3. Delayed aging process and increased lifespan
Intermittent fasting also helps to slow down the aging process. When your body doesn’t get any nutrition, it uses residuals to stay alive. This removes waste from your body. This process is also called autophagy.
One study showed that relatively short term fasting (24-48 hours) induced profound neural autophagy.
4. Improved cognition / memory
Intermittent fasting improves various metabolic features known to be important for brain health.
Studies have shown fasting causes positive neuro chemical changes to occur in the brains of test subjects, which lead to an improvement of cognitive function and resistance to stress.
These studies also showed fasting reduced inflammation in the brain and increased neurotrophic factors such as the production and growth of neurons, which help with learning and memory.
Most of the time, our body uses carbohydrates for energy. When we don’t eat for a longer period of time, our body runs out of carbohydrates to use as fuel, and breaks down fat for energy instead. Fat is broken down into chemicals called ketones in order to create energy. Ketones is a more efficient fuel source for the brain.
That’s why people who practice intermittent fasting often recall feeling more awake, alert and mentally sharper.

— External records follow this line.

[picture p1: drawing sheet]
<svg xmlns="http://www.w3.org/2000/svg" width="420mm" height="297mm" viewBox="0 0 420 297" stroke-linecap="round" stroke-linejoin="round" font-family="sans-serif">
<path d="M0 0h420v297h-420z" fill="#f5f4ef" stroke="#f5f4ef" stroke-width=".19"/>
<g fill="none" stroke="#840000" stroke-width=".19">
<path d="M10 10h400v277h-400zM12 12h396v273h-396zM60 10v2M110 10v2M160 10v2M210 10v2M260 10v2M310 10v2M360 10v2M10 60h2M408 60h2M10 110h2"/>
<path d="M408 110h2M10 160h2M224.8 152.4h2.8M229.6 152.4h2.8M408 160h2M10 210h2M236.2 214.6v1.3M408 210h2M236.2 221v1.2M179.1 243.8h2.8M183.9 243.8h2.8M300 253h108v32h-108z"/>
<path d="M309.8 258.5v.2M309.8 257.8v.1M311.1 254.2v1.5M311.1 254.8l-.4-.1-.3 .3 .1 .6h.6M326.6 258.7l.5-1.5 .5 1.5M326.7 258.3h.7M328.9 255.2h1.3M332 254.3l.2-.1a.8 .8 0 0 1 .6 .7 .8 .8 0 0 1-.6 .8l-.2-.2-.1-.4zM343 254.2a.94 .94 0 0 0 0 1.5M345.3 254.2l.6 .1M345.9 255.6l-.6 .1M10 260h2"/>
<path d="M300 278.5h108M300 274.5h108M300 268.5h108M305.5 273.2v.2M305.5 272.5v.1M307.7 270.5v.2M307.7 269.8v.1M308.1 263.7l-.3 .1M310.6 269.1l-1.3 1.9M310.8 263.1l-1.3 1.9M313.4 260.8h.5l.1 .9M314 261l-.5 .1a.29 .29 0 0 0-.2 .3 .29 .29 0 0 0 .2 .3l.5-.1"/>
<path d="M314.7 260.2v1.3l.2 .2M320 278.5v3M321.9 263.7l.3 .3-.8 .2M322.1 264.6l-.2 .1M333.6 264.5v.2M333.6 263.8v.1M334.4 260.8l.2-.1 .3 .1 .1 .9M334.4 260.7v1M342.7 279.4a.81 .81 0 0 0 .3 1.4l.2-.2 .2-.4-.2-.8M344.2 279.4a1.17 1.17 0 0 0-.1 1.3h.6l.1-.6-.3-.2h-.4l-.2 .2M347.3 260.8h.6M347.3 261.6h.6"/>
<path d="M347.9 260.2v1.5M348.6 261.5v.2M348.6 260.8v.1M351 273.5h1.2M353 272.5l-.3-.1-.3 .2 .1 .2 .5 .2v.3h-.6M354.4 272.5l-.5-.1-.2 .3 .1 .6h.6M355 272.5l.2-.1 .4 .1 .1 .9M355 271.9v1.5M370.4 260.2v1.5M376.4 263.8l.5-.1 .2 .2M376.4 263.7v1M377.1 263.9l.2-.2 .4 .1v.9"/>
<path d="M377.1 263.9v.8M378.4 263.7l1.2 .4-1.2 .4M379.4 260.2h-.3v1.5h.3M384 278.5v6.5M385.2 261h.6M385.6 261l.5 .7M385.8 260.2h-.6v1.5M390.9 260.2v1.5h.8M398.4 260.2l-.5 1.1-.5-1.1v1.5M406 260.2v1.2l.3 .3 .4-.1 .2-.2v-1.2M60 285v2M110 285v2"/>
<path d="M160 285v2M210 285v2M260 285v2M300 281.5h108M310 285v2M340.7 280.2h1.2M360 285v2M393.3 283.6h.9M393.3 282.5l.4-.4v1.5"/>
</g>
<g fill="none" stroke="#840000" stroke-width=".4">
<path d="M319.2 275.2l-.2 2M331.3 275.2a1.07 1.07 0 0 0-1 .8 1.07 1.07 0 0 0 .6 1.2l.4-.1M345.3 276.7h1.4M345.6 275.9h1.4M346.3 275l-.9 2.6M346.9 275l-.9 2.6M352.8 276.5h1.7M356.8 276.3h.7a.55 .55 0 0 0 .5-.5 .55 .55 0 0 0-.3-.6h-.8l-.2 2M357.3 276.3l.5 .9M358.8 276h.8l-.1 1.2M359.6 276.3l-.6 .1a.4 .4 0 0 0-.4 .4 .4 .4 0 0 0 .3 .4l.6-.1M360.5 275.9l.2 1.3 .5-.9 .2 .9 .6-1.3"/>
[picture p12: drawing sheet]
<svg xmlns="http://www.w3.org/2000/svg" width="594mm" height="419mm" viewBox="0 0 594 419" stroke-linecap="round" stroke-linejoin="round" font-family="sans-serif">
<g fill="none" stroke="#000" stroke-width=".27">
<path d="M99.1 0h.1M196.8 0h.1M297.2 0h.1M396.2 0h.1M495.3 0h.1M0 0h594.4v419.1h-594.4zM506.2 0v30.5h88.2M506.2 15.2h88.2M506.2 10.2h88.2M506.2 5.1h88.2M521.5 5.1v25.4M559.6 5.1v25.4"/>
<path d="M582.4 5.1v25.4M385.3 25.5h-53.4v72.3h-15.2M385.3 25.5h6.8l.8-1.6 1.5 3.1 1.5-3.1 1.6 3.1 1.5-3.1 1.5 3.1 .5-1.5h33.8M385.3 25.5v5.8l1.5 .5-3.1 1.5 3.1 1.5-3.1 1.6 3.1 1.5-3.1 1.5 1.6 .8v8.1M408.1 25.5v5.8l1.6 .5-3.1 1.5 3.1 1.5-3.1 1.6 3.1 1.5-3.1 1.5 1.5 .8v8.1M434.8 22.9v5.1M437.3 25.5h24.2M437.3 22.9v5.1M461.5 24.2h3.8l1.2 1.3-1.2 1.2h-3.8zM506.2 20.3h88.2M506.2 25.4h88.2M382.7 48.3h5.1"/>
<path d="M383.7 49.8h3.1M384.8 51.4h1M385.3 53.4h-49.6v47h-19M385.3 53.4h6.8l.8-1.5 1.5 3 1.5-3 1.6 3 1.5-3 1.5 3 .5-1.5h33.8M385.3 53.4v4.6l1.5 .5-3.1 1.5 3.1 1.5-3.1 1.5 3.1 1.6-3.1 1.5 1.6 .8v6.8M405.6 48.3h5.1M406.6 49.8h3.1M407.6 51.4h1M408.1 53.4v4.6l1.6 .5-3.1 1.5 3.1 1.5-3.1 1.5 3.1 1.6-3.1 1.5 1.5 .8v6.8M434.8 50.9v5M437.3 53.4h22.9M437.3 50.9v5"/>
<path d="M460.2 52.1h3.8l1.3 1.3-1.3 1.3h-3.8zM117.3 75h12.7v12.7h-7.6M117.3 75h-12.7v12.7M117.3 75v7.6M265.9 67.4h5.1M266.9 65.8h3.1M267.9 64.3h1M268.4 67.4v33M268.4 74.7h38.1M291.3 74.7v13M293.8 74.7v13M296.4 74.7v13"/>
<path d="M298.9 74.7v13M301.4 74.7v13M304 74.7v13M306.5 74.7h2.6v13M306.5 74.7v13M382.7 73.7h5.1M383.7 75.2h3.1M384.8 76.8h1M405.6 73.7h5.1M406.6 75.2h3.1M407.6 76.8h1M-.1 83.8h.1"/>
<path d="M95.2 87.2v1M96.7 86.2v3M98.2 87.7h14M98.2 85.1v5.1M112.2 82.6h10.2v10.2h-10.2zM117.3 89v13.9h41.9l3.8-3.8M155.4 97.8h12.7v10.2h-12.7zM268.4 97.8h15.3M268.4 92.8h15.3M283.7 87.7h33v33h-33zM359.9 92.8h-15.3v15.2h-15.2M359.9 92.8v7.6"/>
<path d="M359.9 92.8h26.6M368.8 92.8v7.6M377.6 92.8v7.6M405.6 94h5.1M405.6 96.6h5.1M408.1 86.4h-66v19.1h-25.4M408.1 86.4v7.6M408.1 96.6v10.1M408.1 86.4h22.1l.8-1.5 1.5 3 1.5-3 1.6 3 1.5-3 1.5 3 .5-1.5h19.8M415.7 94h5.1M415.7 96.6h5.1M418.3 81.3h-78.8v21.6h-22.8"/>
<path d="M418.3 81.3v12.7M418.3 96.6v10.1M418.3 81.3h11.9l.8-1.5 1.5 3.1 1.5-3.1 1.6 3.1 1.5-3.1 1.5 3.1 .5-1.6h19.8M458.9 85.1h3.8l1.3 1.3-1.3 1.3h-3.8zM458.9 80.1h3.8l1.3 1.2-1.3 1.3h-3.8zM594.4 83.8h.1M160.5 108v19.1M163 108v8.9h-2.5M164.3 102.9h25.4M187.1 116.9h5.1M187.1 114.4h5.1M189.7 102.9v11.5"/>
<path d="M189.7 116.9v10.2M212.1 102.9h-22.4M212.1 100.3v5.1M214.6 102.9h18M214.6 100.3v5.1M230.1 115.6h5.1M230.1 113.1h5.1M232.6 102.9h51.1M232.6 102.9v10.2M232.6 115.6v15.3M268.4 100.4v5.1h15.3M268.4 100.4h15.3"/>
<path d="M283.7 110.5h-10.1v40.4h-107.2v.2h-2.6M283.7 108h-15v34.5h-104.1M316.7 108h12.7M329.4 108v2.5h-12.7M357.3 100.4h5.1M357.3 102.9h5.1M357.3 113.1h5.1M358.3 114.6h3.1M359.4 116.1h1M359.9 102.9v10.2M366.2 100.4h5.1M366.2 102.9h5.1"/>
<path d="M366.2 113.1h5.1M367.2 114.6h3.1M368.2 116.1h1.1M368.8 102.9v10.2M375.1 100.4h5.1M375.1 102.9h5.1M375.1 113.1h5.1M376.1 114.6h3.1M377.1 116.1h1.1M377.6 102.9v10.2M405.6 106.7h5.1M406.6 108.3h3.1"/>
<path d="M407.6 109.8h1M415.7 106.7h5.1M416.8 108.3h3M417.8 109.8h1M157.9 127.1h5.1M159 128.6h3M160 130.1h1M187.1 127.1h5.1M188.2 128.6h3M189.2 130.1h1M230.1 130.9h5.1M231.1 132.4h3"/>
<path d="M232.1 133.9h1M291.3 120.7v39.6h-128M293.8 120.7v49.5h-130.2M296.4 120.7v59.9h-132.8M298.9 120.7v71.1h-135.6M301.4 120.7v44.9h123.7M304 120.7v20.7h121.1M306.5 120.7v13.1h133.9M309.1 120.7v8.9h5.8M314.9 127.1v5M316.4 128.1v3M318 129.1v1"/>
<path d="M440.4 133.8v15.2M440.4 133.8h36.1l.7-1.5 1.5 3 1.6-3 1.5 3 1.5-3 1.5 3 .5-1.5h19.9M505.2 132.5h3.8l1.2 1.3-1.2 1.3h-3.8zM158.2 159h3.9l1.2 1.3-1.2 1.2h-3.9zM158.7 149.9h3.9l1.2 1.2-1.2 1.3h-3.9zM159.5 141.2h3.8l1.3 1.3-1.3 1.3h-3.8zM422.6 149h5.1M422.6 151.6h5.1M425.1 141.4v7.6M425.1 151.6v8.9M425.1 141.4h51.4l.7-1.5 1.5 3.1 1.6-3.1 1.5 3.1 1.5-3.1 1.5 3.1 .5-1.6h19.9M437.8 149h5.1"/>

5. Increased energy levels.
Eating several times throughout the day means that our body goes through cycles of breaking down carbohydrates and turning them into blood sugar. This is eventually used for energy, or stored in cells for later. After your blood sugars are consumed or stored, it drops together with your energy levels. That’s when you probably feel hungry again. Normally we would then eat and the whole process would start over again.
The constant up and down cycle of blood sugar throughout the day stresses our metabolism and results in overall lower energy levels and mental performance.
As I mentioned before, your body will use fat instead of carbohydrates as an energy source. When using fat for energy, it is sent to the liver for processing before it can be used for energy. This happens, unlike using carbohydrates, very steadily and consistently with no ups and downs meaning we have more energy, have better concentration, and feel better overall.